YOUR INSTRUCTIONS> Look through the records below for the line holding "#99=FACE_BOUND('',#98,.T.);". Write it out exactly, with each following line through the line holding "#132=EDGE_CURVE('E164',#131,#122,#129,.T.);".

Records from a dataset>
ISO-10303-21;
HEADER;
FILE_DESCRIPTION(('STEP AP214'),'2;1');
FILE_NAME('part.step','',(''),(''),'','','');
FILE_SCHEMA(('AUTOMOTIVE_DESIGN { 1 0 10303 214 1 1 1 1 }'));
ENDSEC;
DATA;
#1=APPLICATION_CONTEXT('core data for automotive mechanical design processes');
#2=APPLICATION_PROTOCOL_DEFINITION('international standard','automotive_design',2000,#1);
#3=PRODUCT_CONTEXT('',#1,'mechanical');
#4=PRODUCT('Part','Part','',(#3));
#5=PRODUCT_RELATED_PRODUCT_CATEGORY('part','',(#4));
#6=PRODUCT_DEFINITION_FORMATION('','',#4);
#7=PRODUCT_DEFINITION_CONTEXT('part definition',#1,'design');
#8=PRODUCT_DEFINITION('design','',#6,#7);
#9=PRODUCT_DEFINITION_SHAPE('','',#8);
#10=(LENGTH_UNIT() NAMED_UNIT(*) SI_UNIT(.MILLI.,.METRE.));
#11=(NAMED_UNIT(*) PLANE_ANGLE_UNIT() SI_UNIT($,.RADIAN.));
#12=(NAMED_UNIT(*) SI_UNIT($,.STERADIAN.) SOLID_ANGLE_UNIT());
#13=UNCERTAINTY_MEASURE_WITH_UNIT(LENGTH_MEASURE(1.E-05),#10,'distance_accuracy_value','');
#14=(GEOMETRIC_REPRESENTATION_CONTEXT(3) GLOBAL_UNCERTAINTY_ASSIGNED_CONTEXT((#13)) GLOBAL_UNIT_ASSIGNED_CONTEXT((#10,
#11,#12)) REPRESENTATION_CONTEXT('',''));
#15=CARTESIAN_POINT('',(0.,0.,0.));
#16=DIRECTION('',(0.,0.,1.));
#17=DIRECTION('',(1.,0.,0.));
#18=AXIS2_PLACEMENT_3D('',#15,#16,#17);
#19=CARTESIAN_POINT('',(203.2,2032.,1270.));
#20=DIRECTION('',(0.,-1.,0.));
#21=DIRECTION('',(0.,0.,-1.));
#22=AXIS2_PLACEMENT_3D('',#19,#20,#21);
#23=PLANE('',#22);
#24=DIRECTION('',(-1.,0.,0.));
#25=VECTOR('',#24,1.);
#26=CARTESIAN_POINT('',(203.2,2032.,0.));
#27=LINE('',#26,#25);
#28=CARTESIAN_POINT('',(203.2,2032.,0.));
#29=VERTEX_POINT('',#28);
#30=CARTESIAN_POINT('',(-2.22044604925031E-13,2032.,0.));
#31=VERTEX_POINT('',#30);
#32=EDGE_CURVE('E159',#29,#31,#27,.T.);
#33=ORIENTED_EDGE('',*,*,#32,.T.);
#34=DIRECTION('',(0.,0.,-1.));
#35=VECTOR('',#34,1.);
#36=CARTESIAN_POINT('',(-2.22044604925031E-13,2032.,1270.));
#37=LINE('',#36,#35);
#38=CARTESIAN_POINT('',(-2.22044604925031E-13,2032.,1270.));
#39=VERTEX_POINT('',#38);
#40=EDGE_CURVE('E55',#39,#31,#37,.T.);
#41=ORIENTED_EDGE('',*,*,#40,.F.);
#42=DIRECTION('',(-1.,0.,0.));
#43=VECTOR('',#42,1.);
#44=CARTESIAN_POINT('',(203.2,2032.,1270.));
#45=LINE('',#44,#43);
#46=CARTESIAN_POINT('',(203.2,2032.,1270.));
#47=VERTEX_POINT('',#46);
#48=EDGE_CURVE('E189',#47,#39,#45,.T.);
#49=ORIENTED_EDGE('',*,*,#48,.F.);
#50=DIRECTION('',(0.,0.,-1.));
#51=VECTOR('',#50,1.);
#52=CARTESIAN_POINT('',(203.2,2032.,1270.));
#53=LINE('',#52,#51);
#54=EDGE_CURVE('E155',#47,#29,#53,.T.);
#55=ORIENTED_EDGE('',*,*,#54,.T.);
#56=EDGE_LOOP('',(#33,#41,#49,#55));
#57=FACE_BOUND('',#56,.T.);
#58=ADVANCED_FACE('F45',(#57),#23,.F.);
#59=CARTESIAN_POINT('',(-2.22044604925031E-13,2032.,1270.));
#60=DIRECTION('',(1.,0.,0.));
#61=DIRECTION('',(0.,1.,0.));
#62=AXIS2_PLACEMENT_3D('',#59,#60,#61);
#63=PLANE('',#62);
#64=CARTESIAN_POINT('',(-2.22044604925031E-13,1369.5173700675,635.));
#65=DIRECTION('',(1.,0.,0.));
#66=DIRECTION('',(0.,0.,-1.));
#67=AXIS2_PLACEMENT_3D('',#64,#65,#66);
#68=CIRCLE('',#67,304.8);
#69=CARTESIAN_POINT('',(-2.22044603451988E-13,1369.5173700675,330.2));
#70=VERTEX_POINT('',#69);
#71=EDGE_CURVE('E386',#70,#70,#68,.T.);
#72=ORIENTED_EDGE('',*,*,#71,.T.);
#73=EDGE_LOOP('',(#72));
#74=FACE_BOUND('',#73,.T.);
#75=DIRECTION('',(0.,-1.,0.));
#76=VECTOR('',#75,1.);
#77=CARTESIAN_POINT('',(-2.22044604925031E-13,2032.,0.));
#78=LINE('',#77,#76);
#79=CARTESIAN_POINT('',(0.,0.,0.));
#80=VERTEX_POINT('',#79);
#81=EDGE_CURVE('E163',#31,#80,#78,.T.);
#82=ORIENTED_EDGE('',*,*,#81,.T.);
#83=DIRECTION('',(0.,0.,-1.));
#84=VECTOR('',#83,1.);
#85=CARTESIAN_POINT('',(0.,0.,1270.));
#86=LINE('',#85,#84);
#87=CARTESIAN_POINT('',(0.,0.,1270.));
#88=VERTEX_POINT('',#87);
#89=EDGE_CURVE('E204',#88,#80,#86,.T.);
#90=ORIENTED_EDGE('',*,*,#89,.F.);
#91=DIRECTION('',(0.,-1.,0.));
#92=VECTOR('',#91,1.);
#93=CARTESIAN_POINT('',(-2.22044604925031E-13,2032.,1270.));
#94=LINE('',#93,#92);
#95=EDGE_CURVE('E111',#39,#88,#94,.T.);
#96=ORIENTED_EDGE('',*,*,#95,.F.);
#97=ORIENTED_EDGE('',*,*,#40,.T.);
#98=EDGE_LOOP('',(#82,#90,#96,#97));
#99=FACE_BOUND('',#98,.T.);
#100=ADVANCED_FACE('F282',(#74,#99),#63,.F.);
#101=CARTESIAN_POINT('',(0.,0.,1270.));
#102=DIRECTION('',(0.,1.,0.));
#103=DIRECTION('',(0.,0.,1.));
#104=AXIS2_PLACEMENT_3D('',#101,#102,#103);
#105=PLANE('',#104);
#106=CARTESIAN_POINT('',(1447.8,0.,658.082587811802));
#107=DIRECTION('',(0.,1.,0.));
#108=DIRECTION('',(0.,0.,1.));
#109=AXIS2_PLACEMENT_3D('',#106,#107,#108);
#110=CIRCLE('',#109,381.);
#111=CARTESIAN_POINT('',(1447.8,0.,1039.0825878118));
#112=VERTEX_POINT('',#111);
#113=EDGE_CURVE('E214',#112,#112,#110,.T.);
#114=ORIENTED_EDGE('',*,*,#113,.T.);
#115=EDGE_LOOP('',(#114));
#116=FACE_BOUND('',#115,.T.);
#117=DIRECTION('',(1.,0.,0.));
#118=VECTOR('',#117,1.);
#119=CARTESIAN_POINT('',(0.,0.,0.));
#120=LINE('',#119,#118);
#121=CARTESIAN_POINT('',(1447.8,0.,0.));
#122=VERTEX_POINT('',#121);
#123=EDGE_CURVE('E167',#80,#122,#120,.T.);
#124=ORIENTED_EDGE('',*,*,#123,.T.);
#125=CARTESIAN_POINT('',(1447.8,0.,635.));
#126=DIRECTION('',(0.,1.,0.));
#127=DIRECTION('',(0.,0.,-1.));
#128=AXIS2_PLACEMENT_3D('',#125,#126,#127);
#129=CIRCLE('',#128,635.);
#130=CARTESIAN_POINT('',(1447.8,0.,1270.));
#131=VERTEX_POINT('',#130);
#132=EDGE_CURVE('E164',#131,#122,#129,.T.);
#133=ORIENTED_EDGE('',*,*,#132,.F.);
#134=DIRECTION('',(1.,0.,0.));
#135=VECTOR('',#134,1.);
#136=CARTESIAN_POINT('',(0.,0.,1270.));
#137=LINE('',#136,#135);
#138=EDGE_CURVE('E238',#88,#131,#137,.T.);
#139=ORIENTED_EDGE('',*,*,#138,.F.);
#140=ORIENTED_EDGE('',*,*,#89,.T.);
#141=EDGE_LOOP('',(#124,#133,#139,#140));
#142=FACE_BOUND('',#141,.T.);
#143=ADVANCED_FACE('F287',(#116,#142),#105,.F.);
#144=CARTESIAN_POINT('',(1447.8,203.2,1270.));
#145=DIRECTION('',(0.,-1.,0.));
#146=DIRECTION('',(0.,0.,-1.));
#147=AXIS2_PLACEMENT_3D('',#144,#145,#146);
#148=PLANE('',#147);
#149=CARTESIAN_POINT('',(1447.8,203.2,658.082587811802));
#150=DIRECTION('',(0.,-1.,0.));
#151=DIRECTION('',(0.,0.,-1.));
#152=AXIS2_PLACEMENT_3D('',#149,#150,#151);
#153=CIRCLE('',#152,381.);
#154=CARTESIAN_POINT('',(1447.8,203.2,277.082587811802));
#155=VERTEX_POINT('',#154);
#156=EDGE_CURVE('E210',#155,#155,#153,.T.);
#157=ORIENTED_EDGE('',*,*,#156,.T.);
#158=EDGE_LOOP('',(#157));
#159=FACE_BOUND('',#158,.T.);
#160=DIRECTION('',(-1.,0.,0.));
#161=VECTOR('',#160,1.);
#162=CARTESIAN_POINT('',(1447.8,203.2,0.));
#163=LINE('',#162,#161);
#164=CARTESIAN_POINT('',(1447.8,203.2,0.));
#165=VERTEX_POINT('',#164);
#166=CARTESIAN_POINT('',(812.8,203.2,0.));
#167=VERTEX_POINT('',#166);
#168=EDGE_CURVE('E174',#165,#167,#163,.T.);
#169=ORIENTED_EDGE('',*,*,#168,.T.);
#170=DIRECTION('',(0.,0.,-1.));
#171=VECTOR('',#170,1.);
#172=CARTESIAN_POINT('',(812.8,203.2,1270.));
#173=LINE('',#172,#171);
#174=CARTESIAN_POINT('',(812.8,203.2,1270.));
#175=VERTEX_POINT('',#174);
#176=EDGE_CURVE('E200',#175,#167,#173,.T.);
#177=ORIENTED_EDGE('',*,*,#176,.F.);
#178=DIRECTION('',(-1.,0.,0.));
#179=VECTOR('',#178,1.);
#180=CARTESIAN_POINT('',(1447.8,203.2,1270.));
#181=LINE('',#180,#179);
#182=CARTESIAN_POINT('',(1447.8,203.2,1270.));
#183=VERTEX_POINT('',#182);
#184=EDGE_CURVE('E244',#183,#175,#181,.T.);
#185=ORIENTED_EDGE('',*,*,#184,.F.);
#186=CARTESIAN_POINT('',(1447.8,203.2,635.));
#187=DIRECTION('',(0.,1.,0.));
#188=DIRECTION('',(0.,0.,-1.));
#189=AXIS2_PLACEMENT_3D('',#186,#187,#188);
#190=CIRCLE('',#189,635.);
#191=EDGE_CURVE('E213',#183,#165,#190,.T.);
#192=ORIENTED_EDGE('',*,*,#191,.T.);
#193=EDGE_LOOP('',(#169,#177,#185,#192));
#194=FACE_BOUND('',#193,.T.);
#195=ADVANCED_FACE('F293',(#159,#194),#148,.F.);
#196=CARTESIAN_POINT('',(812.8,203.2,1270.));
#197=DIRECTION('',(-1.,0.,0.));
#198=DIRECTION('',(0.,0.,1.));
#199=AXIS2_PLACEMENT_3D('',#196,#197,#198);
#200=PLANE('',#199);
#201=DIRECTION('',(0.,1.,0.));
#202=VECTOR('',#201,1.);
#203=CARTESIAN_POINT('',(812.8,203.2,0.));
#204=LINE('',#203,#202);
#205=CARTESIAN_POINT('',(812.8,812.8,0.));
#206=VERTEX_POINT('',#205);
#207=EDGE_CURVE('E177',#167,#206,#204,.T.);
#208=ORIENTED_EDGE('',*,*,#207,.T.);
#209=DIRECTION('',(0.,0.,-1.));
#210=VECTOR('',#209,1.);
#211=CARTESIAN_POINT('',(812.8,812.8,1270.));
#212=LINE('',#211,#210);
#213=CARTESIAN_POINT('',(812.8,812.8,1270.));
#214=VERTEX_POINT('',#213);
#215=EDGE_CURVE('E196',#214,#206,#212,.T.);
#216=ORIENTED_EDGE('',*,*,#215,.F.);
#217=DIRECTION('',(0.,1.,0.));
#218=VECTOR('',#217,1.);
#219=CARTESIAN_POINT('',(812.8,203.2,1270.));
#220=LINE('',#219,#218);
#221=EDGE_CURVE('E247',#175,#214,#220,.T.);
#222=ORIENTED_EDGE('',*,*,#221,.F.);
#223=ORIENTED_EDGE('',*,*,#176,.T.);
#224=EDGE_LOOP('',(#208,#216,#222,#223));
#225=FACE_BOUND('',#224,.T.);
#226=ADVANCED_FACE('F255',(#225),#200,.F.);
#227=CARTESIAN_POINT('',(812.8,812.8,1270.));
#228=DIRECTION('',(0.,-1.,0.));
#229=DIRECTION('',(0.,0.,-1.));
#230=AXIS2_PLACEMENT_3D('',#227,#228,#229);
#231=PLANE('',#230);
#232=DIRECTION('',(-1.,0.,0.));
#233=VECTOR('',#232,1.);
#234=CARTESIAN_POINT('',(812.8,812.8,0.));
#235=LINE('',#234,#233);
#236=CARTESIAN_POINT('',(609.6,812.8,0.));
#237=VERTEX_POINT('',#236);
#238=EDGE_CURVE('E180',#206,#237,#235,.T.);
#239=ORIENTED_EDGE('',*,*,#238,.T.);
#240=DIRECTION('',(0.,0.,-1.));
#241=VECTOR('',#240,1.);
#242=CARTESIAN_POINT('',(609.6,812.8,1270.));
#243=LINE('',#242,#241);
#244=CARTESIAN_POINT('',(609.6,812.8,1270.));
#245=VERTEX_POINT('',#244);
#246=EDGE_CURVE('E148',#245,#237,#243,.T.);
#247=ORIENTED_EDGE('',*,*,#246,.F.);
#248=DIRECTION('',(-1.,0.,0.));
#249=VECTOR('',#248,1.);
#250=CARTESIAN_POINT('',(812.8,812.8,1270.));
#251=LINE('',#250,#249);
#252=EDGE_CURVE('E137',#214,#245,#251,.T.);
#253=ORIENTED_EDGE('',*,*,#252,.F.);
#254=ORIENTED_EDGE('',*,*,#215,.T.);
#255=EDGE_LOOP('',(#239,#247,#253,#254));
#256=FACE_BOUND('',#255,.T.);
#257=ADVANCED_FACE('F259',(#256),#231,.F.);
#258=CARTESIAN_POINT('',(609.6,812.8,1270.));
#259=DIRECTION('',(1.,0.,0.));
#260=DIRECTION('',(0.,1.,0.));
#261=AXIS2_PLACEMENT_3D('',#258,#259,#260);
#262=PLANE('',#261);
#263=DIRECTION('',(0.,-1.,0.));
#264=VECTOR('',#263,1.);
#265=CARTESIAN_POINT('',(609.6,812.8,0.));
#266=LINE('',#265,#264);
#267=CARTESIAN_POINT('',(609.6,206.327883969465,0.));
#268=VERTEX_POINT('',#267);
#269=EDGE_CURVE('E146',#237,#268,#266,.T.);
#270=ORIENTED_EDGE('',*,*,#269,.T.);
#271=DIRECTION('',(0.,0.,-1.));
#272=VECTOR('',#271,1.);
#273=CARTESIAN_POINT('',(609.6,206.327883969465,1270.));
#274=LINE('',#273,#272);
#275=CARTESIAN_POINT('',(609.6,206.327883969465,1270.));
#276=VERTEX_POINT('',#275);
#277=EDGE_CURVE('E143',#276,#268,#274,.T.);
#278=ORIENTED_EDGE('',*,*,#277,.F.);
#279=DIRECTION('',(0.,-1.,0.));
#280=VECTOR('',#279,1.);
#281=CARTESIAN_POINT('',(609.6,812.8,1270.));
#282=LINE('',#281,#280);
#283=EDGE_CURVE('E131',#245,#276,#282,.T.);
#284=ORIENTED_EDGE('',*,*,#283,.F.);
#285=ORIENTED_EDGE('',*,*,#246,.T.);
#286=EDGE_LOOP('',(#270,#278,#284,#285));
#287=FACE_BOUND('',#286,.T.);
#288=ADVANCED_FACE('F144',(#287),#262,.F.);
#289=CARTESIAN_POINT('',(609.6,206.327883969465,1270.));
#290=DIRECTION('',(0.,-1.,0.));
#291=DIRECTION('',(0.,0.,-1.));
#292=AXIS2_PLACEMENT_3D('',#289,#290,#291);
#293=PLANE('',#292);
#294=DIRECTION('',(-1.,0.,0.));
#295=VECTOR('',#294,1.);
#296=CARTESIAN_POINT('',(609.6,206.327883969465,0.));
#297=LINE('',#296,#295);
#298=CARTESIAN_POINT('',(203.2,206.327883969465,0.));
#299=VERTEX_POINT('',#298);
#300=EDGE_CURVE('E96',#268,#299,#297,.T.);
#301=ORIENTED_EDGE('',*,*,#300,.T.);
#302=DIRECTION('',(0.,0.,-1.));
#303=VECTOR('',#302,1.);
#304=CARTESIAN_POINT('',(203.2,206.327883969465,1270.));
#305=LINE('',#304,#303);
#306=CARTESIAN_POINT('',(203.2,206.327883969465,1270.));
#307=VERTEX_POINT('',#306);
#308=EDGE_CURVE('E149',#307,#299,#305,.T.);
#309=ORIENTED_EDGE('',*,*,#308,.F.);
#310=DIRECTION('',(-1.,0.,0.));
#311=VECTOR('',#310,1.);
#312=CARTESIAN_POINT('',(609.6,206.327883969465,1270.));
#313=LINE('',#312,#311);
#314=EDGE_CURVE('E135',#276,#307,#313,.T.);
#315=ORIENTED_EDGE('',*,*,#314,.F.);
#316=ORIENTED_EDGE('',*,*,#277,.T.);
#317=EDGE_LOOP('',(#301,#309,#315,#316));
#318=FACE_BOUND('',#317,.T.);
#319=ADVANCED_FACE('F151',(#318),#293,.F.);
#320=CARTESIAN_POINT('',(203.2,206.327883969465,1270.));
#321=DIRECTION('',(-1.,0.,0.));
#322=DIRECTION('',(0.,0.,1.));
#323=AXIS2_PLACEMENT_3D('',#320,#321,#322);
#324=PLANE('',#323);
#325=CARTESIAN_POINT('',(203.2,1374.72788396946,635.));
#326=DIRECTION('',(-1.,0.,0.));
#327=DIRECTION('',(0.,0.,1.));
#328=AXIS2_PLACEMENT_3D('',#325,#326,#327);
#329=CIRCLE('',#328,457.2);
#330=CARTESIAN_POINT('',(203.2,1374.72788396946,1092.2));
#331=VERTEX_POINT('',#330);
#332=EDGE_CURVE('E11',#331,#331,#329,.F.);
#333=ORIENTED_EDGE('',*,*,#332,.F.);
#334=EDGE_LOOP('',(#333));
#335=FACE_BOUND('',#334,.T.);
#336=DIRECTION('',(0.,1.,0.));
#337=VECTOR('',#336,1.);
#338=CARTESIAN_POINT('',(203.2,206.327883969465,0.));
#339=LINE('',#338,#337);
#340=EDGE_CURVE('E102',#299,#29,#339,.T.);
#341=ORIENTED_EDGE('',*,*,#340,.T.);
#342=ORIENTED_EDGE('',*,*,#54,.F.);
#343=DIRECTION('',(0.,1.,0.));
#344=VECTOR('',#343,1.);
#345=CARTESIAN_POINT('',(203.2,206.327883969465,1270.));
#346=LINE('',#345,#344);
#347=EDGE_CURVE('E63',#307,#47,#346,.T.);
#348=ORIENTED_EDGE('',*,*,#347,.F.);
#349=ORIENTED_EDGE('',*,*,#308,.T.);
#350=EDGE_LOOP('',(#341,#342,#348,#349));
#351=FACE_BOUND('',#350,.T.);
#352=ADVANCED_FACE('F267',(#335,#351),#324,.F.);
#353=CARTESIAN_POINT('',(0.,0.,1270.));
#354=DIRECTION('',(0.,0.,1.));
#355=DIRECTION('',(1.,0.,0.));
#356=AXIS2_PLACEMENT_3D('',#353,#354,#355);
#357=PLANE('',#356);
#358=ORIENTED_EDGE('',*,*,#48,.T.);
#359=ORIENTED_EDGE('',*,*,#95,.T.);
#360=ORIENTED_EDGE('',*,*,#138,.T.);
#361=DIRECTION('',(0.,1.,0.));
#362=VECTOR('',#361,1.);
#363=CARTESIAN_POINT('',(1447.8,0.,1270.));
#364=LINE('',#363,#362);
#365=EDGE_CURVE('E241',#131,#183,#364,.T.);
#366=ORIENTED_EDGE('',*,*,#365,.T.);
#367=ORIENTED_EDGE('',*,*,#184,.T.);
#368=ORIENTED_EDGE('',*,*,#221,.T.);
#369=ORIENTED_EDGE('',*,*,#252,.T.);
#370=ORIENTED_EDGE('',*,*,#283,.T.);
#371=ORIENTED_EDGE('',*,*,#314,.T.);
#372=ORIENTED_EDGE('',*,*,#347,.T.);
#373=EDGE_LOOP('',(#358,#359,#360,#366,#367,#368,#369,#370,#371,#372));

OUTPUT>
#99=FACE_BOUND('',#98,.T.);
#100=ADVANCED_FACE('F282',(#74,#99),#63,.F.);
#101=CARTESIAN_POINT('',(0.,0.,1270.));
#102=DIRECTION('',(0.,1.,0.));
#103=DIRECTION('',(0.,0.,1.));
#104=AXIS2_PLACEMENT_3D('',#101,#102,#103);
#105=PLANE('',#104);
#106=CARTESIAN_POINT('',(1447.8,0.,658.082587811802));
#107=DIRECTION('',(0.,1.,0.));
#108=DIRECTION('',(0.,0.,1.));
#109=AXIS2_PLACEMENT_3D('',#106,#107,#108);
#110=CIRCLE('',#109,381.);
#111=CARTESIAN_POINT('',(1447.8,0.,1039.0825878118));
#112=VERTEX_POINT('',#111);
#113=EDGE_CURVE('E214',#112,#112,#110,.T.);
#114=ORIENTED_EDGE('',*,*,#113,.T.);
#115=EDGE_LOOP('',(#114));
#116=FACE_BOUND('',#115,.T.);
#117=DIRECTION('',(1.,0.,0.));
#118=VECTOR('',#117,1.);
#119=CARTESIAN_POINT('',(0.,0.,0.));
#120=LINE('',#119,#118);
#121=CARTESIAN_POINT('',(1447.8,0.,0.));
#122=VERTEX_POINT('',#121);
#123=EDGE_CURVE('E167',#80,#122,#120,.T.);
#124=ORIENTED_EDGE('',*,*,#123,.T.);
#125=CARTESIAN_POINT('',(1447.8,0.,635.));
#126=DIRECTION('',(0.,1.,0.));
#127=DIRECTION('',(0.,0.,-1.));
#128=AXIS2_PLACEMENT_3D('',#125,#126,#127);
#129=CIRCLE('',#128,635.);
#130=CARTESIAN_POINT('',(1447.8,0.,1270.));
#131=VERTEX_POINT('',#130);
#132=EDGE_CURVE('E164',#131,#122,#129,.T.);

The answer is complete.